Question 4 Short Answer
mRNA vaccines, like the COVID-19 vaccines developed in 2020, represent a fundamentally new vaccine platform. How do they differ from traditional vaccines?
Think about your answer, then reveal below.
Model answer: Traditional vaccines introduce either weakened (live-attenuated) pathogens, killed pathogens, or protein subunits from pathogens. The immune system responds to these antigens by producing antibodies and memory cells. mRNA vaccines instead deliver genetic instructions (mRNA) encoding a viral protein (for COVID-19, the spike protein). Cells read these instructions and produce the protein; the immune system responds to the protein. No viral genetic material enters the nucleus; the mRNA degrades quickly. This platform enables rapid vaccine design (once the viral genome is sequenced, mRNA can be synthesized within days) and avoids growing large quantities of pathogen.

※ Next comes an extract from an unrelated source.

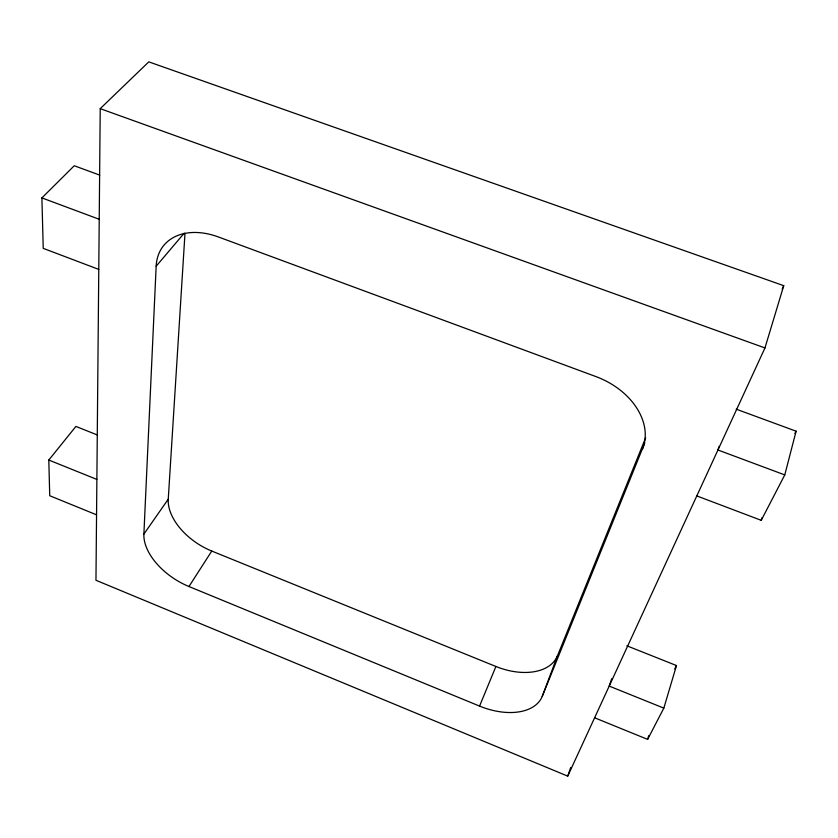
<?xml version="1.0" encoding="UTF-8"?>
<svg xmlns="http://www.w3.org/2000/svg" width="838" height="838" viewBox="0 0 838 838"><rect width="100%" height="100%" fill="white"/><g stroke="black" fill="none" stroke-linecap="round" stroke-linejoin="round"><path stroke-width="1.26" d="M100.225 108.657L95.961 580.273L567.735 776.135L764.958 347.938L783.74 285.674L148.787 61.865L100.225 108.657L764.958 347.938M644.789 442.925L542.217 696.43A55.664 33.499 23.7 0 1 479.566 706.088L188.969 586.527A53.517 31.467 32.4 0 1 143.885 534.099L156.161 266.222L184.245 233.121M143.885 534.099L168.249 499.176L184.989 233.456M696.797 495.918L761.229 520.325L784.777 474.916L796.1 431.193L736.214 409.174M761.229 520.325L761.899 517.821M594.613 717.778L647.627 739.378L663.832 708.131L676.476 665.55L626.855 645.794M647.627 739.378L648.748 735.659M719.098 446.35L717.946 449.996L784.777 474.916M611.688 678.728L609.216 686.092L663.832 708.131M567.735 776.135L570.699 767.503M542.217 696.43L557.49 655.777L645.669 437.719M479.566 706.088L495.907 666.482A54.25 33.813 23.4 0 0 557.49 655.777M782.158 289.152L783.74 285.674M674.747 668.934L676.476 665.55M794.906 433.518L796.1 431.193M188.969 586.527L211.763 551.048A52.197 31.813 32.6 0 1 168.249 499.176M96.548 514.815L49.735 495.74L48.803 460.041L75.902 426.427L97.596 435.069M98.769 269.407L43.23 248.362L41.9 197.904L74.257 165.746L99.743 175.121M41.9 197.904L99.219 219.273M48.803 460.041L96.873 479.43M211.763 551.048L495.907 666.482M642.516 449.042A67.71 49.746 21.9 0 0 595.87 376.566L218.393 236.965A65.395 45.524 38.5 0 0 156.161 266.222"/></g></svg>

mRNA vaccine technology had been in development for decades before COVID-19, but the pandemic provided the urgency and funding for rapid clinical development. The speed of COVID-19 vaccine development (less than a year) was possible because of this existing technological foundation.
Question 5 True / False
Vaccine skepticism and anti-vaccination movements have existed since Jenner's time. The modern anti-vaccine movement in wealthy countries is primarily driven by new scientific evidence against vaccine safety.
TTrue
FFalse
Answer: False
The modern vaccine hesitancy movement in wealthy countries is primarily driven not by new scientific evidence but by: (1) distrust of pharmaceutical companies and government health authorities; (2) a fraudulent 1998 Lancet paper by Andrew Wakefield claiming a link between MMR vaccine and autism (retracted in 2010, Wakefield struck off); (3) success of vaccines creating a paradox — once diseases are rare, risks of vaccines become more salient than risks of diseases; (4) social media amplifying anecdotal adverse event reports. Multiple large studies have found no link between vaccines and autism. The scientific consensus on vaccine safety is clear.